### What to produce
Copy every line from the data below in which the string "Demux" can be found.

### Data for this exercise
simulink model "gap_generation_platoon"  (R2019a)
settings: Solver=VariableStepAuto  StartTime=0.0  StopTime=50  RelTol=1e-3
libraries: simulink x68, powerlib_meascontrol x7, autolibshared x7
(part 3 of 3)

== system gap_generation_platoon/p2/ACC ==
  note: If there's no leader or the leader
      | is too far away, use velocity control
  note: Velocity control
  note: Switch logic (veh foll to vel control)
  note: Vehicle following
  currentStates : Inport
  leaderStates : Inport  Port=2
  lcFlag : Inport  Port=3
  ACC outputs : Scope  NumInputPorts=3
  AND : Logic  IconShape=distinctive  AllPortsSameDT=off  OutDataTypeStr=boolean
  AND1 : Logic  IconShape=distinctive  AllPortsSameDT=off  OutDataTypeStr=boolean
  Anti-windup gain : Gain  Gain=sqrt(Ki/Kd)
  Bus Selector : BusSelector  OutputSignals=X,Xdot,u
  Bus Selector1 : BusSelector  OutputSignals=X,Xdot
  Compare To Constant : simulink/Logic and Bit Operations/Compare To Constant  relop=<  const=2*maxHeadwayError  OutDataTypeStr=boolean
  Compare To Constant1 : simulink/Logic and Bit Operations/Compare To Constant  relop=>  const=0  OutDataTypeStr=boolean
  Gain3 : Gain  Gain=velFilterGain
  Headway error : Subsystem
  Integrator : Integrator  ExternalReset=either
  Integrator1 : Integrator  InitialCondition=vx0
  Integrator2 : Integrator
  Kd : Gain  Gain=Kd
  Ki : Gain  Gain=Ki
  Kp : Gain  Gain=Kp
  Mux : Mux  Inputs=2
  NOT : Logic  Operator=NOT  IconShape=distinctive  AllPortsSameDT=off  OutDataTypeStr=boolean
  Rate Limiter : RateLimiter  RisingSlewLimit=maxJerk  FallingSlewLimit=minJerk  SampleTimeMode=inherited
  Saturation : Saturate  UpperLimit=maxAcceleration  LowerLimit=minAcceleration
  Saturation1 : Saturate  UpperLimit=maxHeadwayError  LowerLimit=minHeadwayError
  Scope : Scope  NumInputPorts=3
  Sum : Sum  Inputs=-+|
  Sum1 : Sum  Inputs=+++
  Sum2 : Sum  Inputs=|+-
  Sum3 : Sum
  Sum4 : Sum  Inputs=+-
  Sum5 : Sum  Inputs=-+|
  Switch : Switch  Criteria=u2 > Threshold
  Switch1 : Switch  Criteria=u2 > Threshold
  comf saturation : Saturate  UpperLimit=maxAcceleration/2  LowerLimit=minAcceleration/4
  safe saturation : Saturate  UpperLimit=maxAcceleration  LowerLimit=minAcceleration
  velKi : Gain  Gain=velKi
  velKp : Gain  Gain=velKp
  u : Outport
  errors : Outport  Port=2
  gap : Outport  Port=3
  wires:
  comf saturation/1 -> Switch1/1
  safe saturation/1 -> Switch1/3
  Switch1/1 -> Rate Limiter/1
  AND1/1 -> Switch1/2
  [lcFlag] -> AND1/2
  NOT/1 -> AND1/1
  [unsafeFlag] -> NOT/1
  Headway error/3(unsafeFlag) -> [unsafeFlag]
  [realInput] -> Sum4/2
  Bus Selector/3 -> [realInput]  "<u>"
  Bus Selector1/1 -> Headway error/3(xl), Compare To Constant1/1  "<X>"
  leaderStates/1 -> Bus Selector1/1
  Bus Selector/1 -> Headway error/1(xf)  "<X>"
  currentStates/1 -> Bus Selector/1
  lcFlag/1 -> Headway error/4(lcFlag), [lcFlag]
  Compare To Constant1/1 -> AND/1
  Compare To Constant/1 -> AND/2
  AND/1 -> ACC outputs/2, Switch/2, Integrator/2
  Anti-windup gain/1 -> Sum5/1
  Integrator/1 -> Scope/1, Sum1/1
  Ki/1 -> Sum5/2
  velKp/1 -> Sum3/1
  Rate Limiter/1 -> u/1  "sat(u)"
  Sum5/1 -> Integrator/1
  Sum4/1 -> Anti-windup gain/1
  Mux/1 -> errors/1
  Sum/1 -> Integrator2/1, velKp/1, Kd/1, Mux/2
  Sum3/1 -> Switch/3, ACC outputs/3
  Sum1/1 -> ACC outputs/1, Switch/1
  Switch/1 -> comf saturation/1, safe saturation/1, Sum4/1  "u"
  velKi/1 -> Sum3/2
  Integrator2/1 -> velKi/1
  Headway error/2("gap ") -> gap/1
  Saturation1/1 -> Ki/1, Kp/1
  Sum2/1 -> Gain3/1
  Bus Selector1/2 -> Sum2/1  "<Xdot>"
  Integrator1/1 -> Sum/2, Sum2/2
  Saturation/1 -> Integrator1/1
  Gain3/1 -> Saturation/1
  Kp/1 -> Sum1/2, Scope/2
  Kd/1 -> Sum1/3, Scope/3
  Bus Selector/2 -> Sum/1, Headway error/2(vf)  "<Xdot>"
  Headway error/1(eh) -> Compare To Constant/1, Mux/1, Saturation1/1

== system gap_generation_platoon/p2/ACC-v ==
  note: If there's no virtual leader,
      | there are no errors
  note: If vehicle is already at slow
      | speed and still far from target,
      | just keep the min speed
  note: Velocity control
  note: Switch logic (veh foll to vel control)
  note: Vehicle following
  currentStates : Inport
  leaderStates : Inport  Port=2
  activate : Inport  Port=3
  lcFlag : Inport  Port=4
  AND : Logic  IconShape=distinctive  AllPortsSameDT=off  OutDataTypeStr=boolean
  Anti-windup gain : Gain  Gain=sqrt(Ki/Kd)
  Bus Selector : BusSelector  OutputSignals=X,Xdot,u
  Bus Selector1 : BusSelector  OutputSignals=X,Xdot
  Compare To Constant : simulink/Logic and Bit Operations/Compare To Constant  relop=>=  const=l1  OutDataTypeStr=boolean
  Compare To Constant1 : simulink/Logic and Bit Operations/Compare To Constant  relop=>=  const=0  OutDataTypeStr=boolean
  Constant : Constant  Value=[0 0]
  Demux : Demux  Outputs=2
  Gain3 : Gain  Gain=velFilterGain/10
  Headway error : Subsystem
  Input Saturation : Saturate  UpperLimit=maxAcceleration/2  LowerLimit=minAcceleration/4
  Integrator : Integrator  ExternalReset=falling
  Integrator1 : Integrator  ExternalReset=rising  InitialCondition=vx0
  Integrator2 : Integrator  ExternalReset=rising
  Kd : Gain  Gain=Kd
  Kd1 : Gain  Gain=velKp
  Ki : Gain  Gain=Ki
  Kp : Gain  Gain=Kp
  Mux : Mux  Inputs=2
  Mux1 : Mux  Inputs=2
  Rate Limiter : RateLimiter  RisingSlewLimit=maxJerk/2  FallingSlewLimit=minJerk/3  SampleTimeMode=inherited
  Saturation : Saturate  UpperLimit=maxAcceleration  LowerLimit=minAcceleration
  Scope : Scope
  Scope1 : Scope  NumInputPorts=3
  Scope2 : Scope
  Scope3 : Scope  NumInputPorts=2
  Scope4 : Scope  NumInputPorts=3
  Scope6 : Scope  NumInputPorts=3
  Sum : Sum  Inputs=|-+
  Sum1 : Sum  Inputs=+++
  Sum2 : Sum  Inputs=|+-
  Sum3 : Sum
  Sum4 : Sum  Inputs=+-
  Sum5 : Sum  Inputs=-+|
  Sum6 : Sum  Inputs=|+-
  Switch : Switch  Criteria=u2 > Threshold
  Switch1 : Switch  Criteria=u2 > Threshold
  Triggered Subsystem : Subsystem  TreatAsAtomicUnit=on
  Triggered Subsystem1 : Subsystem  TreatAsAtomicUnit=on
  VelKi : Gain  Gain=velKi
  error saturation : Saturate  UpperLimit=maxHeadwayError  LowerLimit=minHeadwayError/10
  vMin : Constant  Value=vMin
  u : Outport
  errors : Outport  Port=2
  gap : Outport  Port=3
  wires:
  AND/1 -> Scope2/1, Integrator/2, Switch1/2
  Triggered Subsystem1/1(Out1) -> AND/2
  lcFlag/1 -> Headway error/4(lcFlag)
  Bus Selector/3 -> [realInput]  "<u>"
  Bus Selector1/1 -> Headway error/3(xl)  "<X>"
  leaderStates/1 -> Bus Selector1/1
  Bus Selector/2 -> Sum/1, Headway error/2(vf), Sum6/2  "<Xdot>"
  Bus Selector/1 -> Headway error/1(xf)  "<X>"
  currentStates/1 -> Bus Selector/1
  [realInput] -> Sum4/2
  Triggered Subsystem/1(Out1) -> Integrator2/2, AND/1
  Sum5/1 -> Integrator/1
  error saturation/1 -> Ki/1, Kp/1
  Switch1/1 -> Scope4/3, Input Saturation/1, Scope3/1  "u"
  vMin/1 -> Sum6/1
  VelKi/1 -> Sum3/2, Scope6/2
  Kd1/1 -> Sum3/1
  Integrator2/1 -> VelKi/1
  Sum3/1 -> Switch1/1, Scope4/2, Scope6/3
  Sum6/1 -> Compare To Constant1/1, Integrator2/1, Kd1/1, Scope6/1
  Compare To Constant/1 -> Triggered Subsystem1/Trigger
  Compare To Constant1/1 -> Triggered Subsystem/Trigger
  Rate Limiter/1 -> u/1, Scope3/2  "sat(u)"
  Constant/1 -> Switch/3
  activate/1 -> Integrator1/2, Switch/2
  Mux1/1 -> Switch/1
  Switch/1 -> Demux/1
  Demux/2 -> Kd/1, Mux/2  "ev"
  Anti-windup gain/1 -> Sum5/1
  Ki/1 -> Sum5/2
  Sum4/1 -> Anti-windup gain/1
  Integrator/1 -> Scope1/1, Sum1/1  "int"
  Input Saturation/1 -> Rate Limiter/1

### Response to this exercise
  Demux : Demux  Outputs=2
  Switch/1 -> Demux/1
  Demux/2 -> Kd/1, Mux/2  "ev"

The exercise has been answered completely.